▶ _EXERCISE BRIEF_: Give all of the data again exactly as written, omitting every image.
GIVEN DATA Block Start
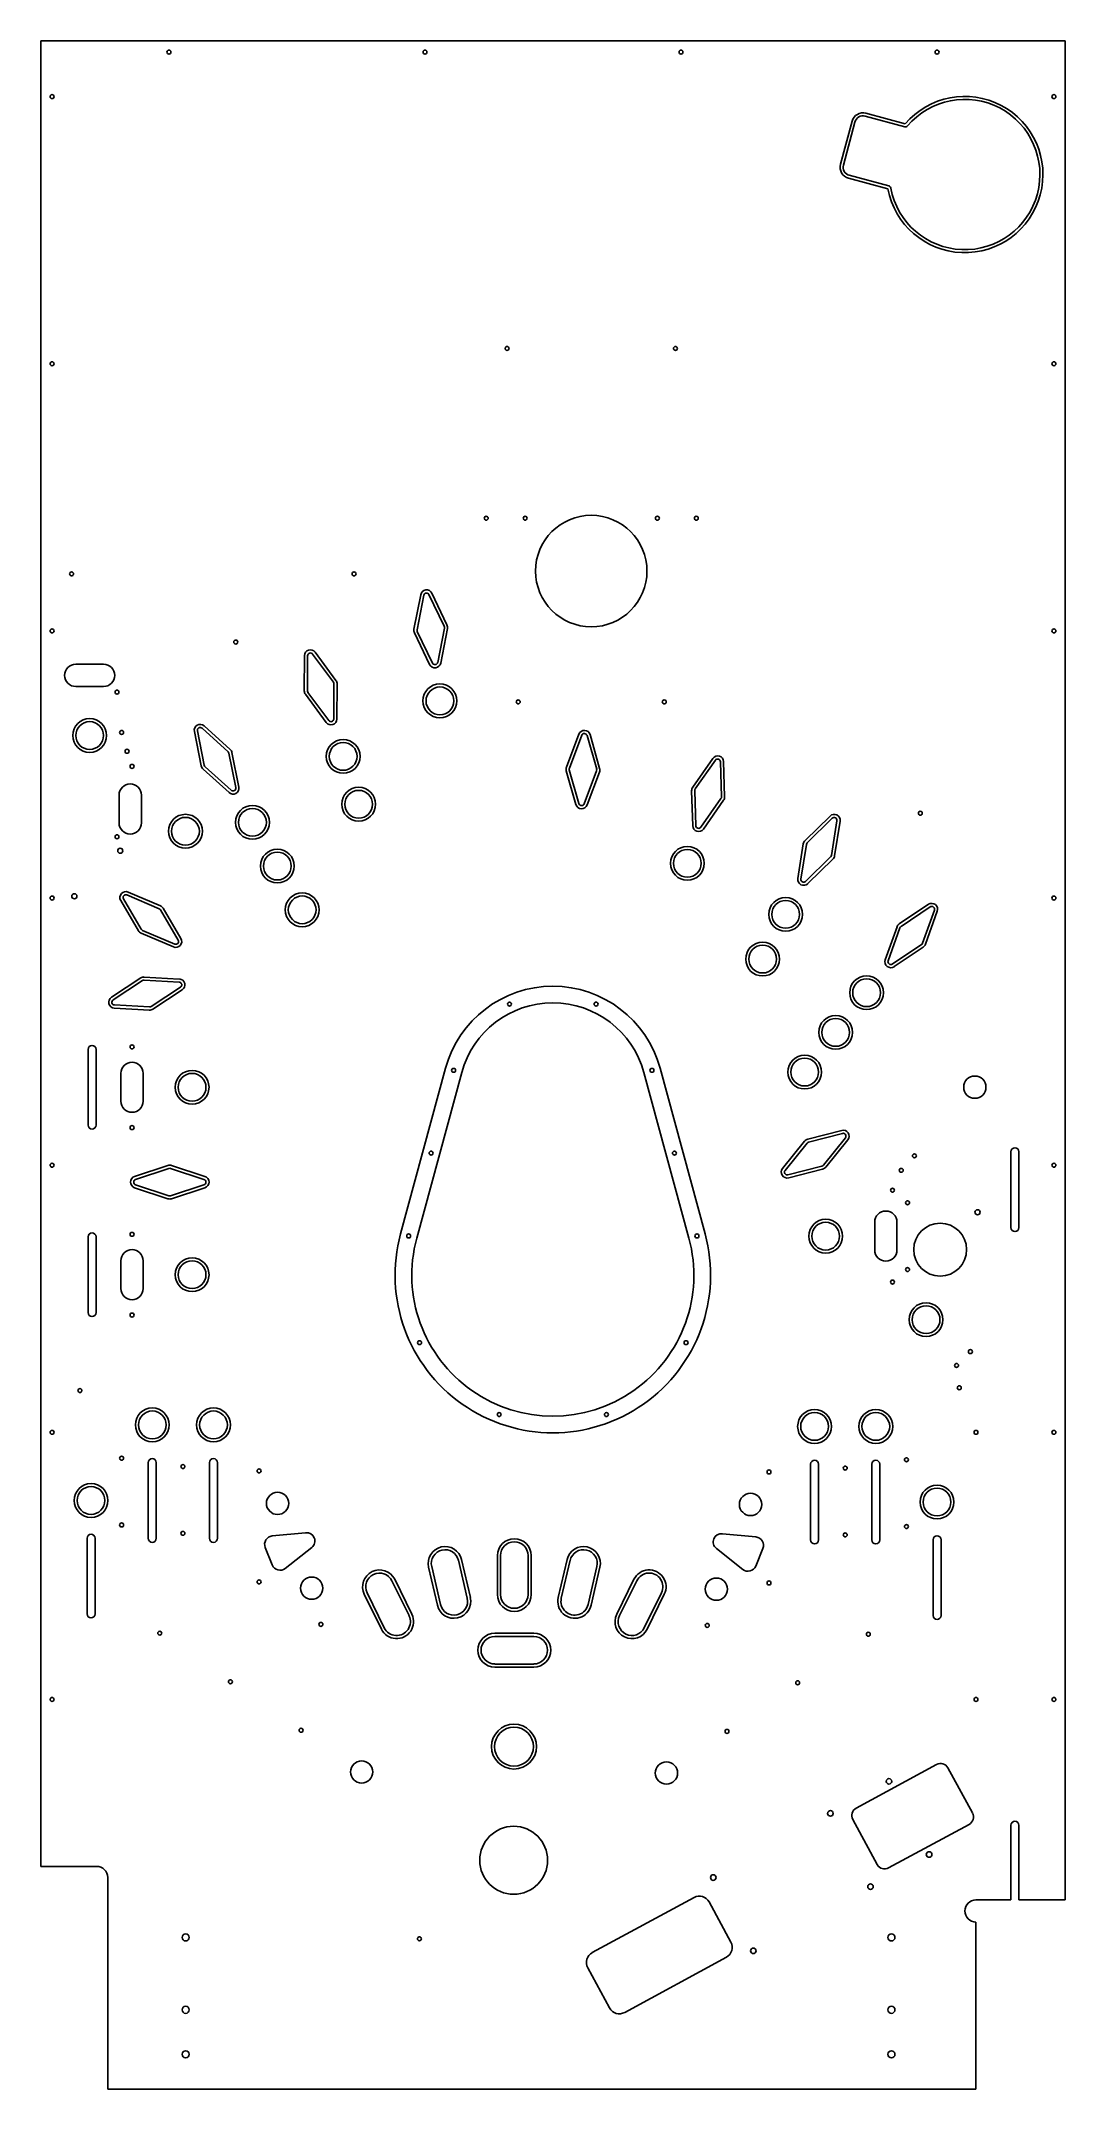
# Model space of a CAD drawing. Extents: x 0 to 23, y 0 to 46.
import ezdxf

# ---------------------------------------------------------------- set-up
doc = ezdxf.new("R2010")
doc.units = 0
doc.header["$LTSCALE"] = 5.77014
doc.header["$MEASUREMENT"] = 0
doc.layers.add('DF250', color=3, linetype='CONTINUOUS')
doc.layers.add('DF500', color=5, linetype='CONTINUOUS')

msp = doc.modelspace()

# ---------------------------------------------------------------- linework, layer by layer
at = {"layer": 'DF250', "color": 3, "linetype": 'CONTINUOUS'}
for p, q in [((17.958, 43.23), (18.216, 44.196)), ((18.529, 44.376), (19.413, 44.139)), ((19.022, 42.681), (18.138, 42.918)), ((8.778, 33.595), (9.118, 32.884)), ((8.378, 32.79), (8.528, 33.563)), ((8.729, 31.997), (8.388, 32.707)), ((9.129, 32.802), (8.978, 32.028)), ((6.158, 32.272), (6.625, 31.637)), ((5.915, 31.406), (5.919, 32.194)), ((6.407, 30.692), (5.941, 31.327)), ((6.651, 31.558), (6.647, 30.77)), ((3.6, 29.719), (3.445, 30.492)), ((3.664, 30.616), (4.249, 30.088)), ((12.08, 30.43), (11.802, 29.693)), ((12.548, 29.662), (12.332, 30.42)), ((4.29, 30.016), (4.444, 29.243)), ((4.225, 29.119), (3.641, 29.647)), ((11.798, 29.61), (12.015, 28.852)), ((12.266, 28.842), (12.544, 29.579)), ((15.089, 29.885), (14.638, 29.239)), ((15.354, 29.026), (15.33, 29.813)), ((14.614, 29.159), (14.638, 28.372)), ((14.879, 28.3), (15.33, 28.946)), ((17.723, 28.592), (17.16, 28.04)), ((17.823, 27.698), (17.946, 28.477)), ((17.122, 27.966), (16.999, 27.188)), ((17.223, 27.073), (17.785, 27.624)), ((1.791, 26.694), (2.189, 26.014)), ((2.682, 26.575), (1.957, 26.883)), ((3.143, 25.84), (2.744, 26.52)), ((19.932, 26.609), (19.277, 26.171)), ((19.866, 25.712), (20.131, 26.454)), ((2.251, 25.959), (2.976, 25.651)), ((19.226, 26.105), (18.961, 25.363)), ((19.159, 25.209), (19.814, 25.646)), ((2.24, 24.955), (1.582, 24.522)), ((3.107, 24.931), (2.321, 24.976)), ((2.514, 24.255), (3.173, 24.688)), ((1.647, 24.279), (2.434, 24.234)), ((8.077, 19.209), (9.088, 22.929)), ((13.904, 22.929), (14.914, 19.209)), ((17.152, 21.29), (16.657, 20.677)), ((17.985, 21.532), (17.222, 21.335)), ((17.626, 20.707), (18.121, 21.32)), ((2.851, 20.743), (2.103, 20.496)), ((3.683, 20.496), (2.934, 20.743)), ((2.103, 20.244), (2.851, 19.997)), ((2.934, 19.997), (3.683, 20.244)), ((16.793, 20.466), (17.556, 20.662)), ((10.251, 11.106), (10.251, 11.981)), ((11.011, 11.981), (11.011, 11.106)), ((8.903, 10.867), (8.706, 11.72)), ((9.447, 11.891), (9.644, 11.038)), ((11.815, 11.891), (11.618, 11.038)), ((12.358, 10.867), (12.555, 11.72)), ((7.647, 10.328), (7.262, 11.114)), ((7.944, 11.449), (8.329, 10.663)), ((13.317, 11.449), (12.932, 10.663)), ((13.614, 10.328), (14, 11.114)), ((10.193, 10.236), (11.068, 10.236)), ((11.068, 9.476), (10.193, 9.476))]:
    msp.add_line(p, q, dxfattribs=at)
for centre, radius in [((8.96, 31.178), 0.38), ((1.094, 30.4), 0.38), ((6.787, 29.931), 0.38), ((7.136, 28.857), 0.38), ((3.245, 28.25), 0.38), ((4.75, 28.45), 0.38), ((5.309, 27.468), 0.38), ((14.518, 27.53), 0.38), ((5.867, 26.485), 0.38), ((16.725, 26.383), 0.38), ((16.208, 25.379), 0.38), ((18.543, 24.623), 0.38), ((17.848, 23.732), 0.38), ((17.153, 22.841), 0.38), ((3.394, 22.5), 0.38), ((17.625, 19.156), 0.38), ((3.394, 18.29), 0.38), ((19.879, 17.28), 0.38), ((2.5, 14.917), 0.38), ((3.875, 14.917), 0.38), ((17.375, 14.882), 0.38), ((18.75, 14.882), 0.38), ((1.125, 13.219), 0.38), ((20.125, 13.184), 0.38), ((10.624, 7.691), 0.505)]:
    msp.add_circle(centre, radius, dxfattribs=at)
for centre, radius, start, end in [((20.748, 43), 1.755, -169.5198, 139.5198), ((18.463, 44.13), 0.255, 75, 165), ((18.204, 43.164), 0.255, 165, -105), ((8.659, 33.538), 0.133, 25.5903, 168.9748), ((8.508, 32.764), 0.133, 168.975, -154.4099), ((8.999, 32.827), 0.133, -11.025, 25.5901), ((6.052, 32.193), 0.133, 36.314, 179.6985), ((8.848, 32.054), 0.133, -154.4096, -11.0252), ((6.048, 31.405), 0.133, 179.6987, -143.6862), ((6.518, 31.558), 0.133, -0.3013, 36.3138), ((3.575, 30.518), 0.133, 47.9245, -168.691), ((6.514, 30.771), 0.133, -143.6859, -0.3015), ((12.204, 30.383), 0.133, 15.9156, 159.3002), ((4.16, 29.99), 0.133, 11.3092, 47.9243), ((15.198, 29.809), 0.133, 1.7173, 145.1019), ((3.729, 29.745), 0.133, -168.6908, -132.0757), ((11.926, 29.646), 0.133, 159.3004, -164.0845), ((12.42, 29.626), 0.133, -20.6996, 15.9155), ((4.314, 29.217), 0.133, -132.0755, 11.3089), ((14.747, 29.163), 0.133, 145.102, -178.2829), ((15.221, 29.022), 0.133, -34.898, 1.7171), ((12.142, 28.889), 0.133, -164.0843, -20.6999), ((17.815, 28.497), 0.133, -8.9635, 134.421), ((14.77, 28.376), 0.133, -178.2826, -34.8982), ((17.253, 27.946), 0.133, 134.4212, 171.0363), ((17.693, 27.719), 0.133, -45.5788, -8.9637), ((17.13, 27.167), 0.133, 171.0366, -45.5791), ((1.905, 26.761), 0.133, 66.971, -149.6444), ((2.63, 26.453), 0.133, 30.3557, 66.9709), ((20.006, 26.498), 0.133, -19.6507, 123.7338), ((2.303, 26.081), 0.133, -149.6443, -113.0291), ((3.028, 25.773), 0.133, -113.0289, 30.3555), ((19.35, 26.061), 0.133, 123.734, 160.3491), ((19.086, 25.319), 0.133, 160.3494, -56.2663), ((19.741, 25.756), 0.133, -56.266, -19.6509), ((2.313, 24.844), 0.133, 86.6924, 123.3076), ((3.1, 24.799), 0.133, -56.6922, 86.6922), ((1.655, 24.411), 0.133, 123.3077, -93.3077), ((11.496, 22.275), 2.495, 15.1959, 164.8041), ((2.441, 24.366), 0.133, -93.3076, -56.6924), ((17.255, 21.207), 0.133, 104.4415, 141.0566), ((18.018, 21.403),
GIVEN DATA Block End
▶ _SOLUTION_:
# Model space of a CAD drawing. Extents: x 0 to 23, y 0 to 46.
import ezdxf

# ---------------------------------------------------------------- set-up
doc = ezdxf.new("R2010")
doc.units = 0
doc.header["$LTSCALE"] = 5.77014
doc.header["$MEASUREMENT"] = 0
doc.layers.add('DF250', color=3, linetype='CONTINUOUS')
doc.layers.add('DF500', color=5, linetype='CONTINUOUS')

msp = doc.modelspace()

# ---------------------------------------------------------------- linework, layer by layer
at = {"layer": 'DF250', "color": 3, "linetype": 'CONTINUOUS'}
for p, q in [((17.958, 43.23), (18.216, 44.196)), ((18.529, 44.376), (19.413, 44.139)), ((19.022, 42.681), (18.138, 42.918)), ((8.778, 33.595), (9.118, 32.884)), ((8.378, 32.79), (8.528, 33.563)), ((8.729, 31.997), (8.388, 32.707)), ((9.129, 32.802), (8.978, 32.028)), ((6.158, 32.272), (6.625, 31.637)), ((5.915, 31.406), (5.919, 32.194)), ((6.407, 30.692), (5.941, 31.327)), ((6.651, 31.558), (6.647, 30.77)), ((3.6, 29.719), (3.445, 30.492)), ((3.664, 30.616), (4.249, 30.088)), ((12.08, 30.43), (11.802, 29.693)), ((12.548, 29.662), (12.332, 30.42)), ((4.29, 30.016), (4.444, 29.243)), ((4.225, 29.119), (3.641, 29.647)), ((11.798, 29.61), (12.015, 28.852)), ((12.266, 28.842), (12.544, 29.579)), ((15.089, 29.885), (14.638, 29.239)), ((15.354, 29.026), (15.33, 29.813)), ((14.614, 29.159), (14.638, 28.372)), ((14.879, 28.3), (15.33, 28.946)), ((17.723, 28.592), (17.16, 28.04)), ((17.823, 27.698), (17.946, 28.477)), ((17.122, 27.966), (16.999, 27.188)), ((17.223, 27.073), (17.785, 27.624)), ((1.791, 26.694), (2.189, 26.014)), ((2.682, 26.575), (1.957, 26.883)), ((3.143, 25.84), (2.744, 26.52)), ((19.932, 26.609), (19.277, 26.171)), ((19.866, 25.712), (20.131, 26.454)), ((2.251, 25.959), (2.976, 25.651)), ((19.226, 26.105), (18.961, 25.363)), ((19.159, 25.209), (19.814, 25.646)), ((2.24, 24.955), (1.582, 24.522)), ((3.107, 24.931), (2.321, 24.976)), ((2.514, 24.255), (3.173, 24.688)), ((1.647, 24.279), (2.434, 24.234)), ((8.077, 19.209), (9.088, 22.929)), ((13.904, 22.929), (14.914, 19.209)), ((17.152, 21.29), (16.657, 20.677)), ((17.985, 21.532), (17.222, 21.335)), ((17.626, 20.707), (18.121, 21.32)), ((2.851, 20.743), (2.103, 20.496)), ((3.683, 20.496), (2.934, 20.743)), ((2.103, 20.244), (2.851, 19.997)), ((2.934, 19.997), (3.683, 20.244)), ((16.793, 20.466), (17.556, 20.662)), ((10.251, 11.106), (10.251, 11.981)), ((11.011, 11.981), (11.011, 11.106)), ((8.903, 10.867), (8.706, 11.72)), ((9.447, 11.891), (9.644, 11.038)), ((11.815, 11.891), (11.618, 11.038)), ((12.358, 10.867), (12.555, 11.72)), ((7.647, 10.328), (7.262, 11.114)), ((7.944, 11.449), (8.329, 10.663)), ((13.317, 11.449), (12.932, 10.663)), ((13.614, 10.328), (14, 11.114)), ((10.193, 10.236), (11.068, 10.236)), ((11.068, 9.476), (10.193, 9.476))]:
    msp.add_line(p, q, dxfattribs=at)
for centre, radius in [((8.96, 31.178), 0.38), ((1.094, 30.4), 0.38), ((6.787, 29.931), 0.38), ((7.136, 28.857), 0.38), ((3.245, 28.25), 0.38), ((4.75, 28.45), 0.38), ((5.309, 27.468), 0.38), ((14.518, 27.53), 0.38), ((5.867, 26.485), 0.38), ((16.725, 26.383), 0.38), ((16.208, 25.379), 0.38), ((18.543, 24.623), 0.38), ((17.848, 23.732), 0.38), ((17.153, 22.841), 0.38), ((3.394, 22.5), 0.38), ((17.625, 19.156), 0.38), ((3.394, 18.29), 0.38), ((19.879, 17.28), 0.38), ((2.5, 14.917), 0.38), ((3.875, 14.917), 0.38), ((17.375, 14.882), 0.38), ((18.75, 14.882), 0.38), ((1.125, 13.219), 0.38), ((20.125, 13.184), 0.38), ((10.624, 7.691), 0.505)]:
    msp.add_circle(centre, radius, dxfattribs=at)
for centre, radius, start, end in [((20.748, 43), 1.755, -169.5198, 139.5198), ((18.463, 44.13), 0.255, 75, 165), ((18.204, 43.164), 0.255, 165, -105), ((8.659, 33.538), 0.133, 25.5903, 168.9748), ((8.508, 32.764), 0.133, 168.975, -154.4099), ((8.999, 32.827), 0.133, -11.025, 25.5901), ((6.052, 32.193), 0.133, 36.314, 179.6985), ((8.848, 32.054), 0.133, -154.4096, -11.0252), ((6.048, 31.405), 0.133, 179.6987, -143.6862), ((6.518, 31.558), 0.133, -0.3013, 36.3138), ((3.575, 30.518), 0.133, 47.9245, -168.691), ((6.514, 30.771), 0.133, -143.6859, -0.3015), ((12.204, 30.383), 0.133, 15.9156, 159.3002), ((4.16, 29.99), 0.133, 11.3092, 47.9243), ((15.198, 29.809), 0.133, 1.7173, 145.1019), ((3.729, 29.745), 0.133, -168.6908, -132.0757), ((11.926, 29.646), 0.133, 159.3004, -164.0845), ((12.42, 29.626), 0.133, -20.6996, 15.9155), ((4.314, 29.217), 0.133, -132.0755, 11.3089), ((14.747, 29.163), 0.133, 145.102, -178.2829), ((15.221, 29.022), 0.133, -34.898, 1.7171), ((12.142, 28.889), 0.133, -164.0843, -20.6999), ((17.815, 28.497), 0.133, -8.9635, 134.421), ((14.77, 28.376), 0.133, -178.2826, -34.8982), ((17.253, 27.946), 0.133, 134.4212, 171.0363), ((17.693, 27.719), 0.133, -45.5788, -8.9637), ((17.13, 27.167), 0.133, 171.0366, -45.5791), ((1.905, 26.761), 0.133, 66.971, -149.6444), ((2.63, 26.453), 0.133, 30.3557, 66.9709), ((20.006, 26.498), 0.133, -19.6507, 123.7338), ((2.303, 26.081), 0.133, -149.6443, -113.0291), ((3.028, 25.773), 0.133, -113.0289, 30.3555), ((19.35, 26.061), 0.133, 123.734, 160.3491), ((19.086, 25.319), 0.133, 160.3494, -56.2663), ((19.741, 25.756), 0.133, -56.266, -19.6509), ((2.313, 24.844), 0.133, 86.6924, 123.3076), ((3.1, 24.799), 0.133, -56.6922, 86.6922), ((1.655, 24.411), 0.133, 123.3077, -93.3077), ((11.496, 22.275), 2.495, 15.1959, 164.8041), ((2.441, 24.366), 0.133, -93.3076, -56.6924), ((17.255, 21.207), 0.133, 104.4415, 141.0566), ((18.018, 21.403),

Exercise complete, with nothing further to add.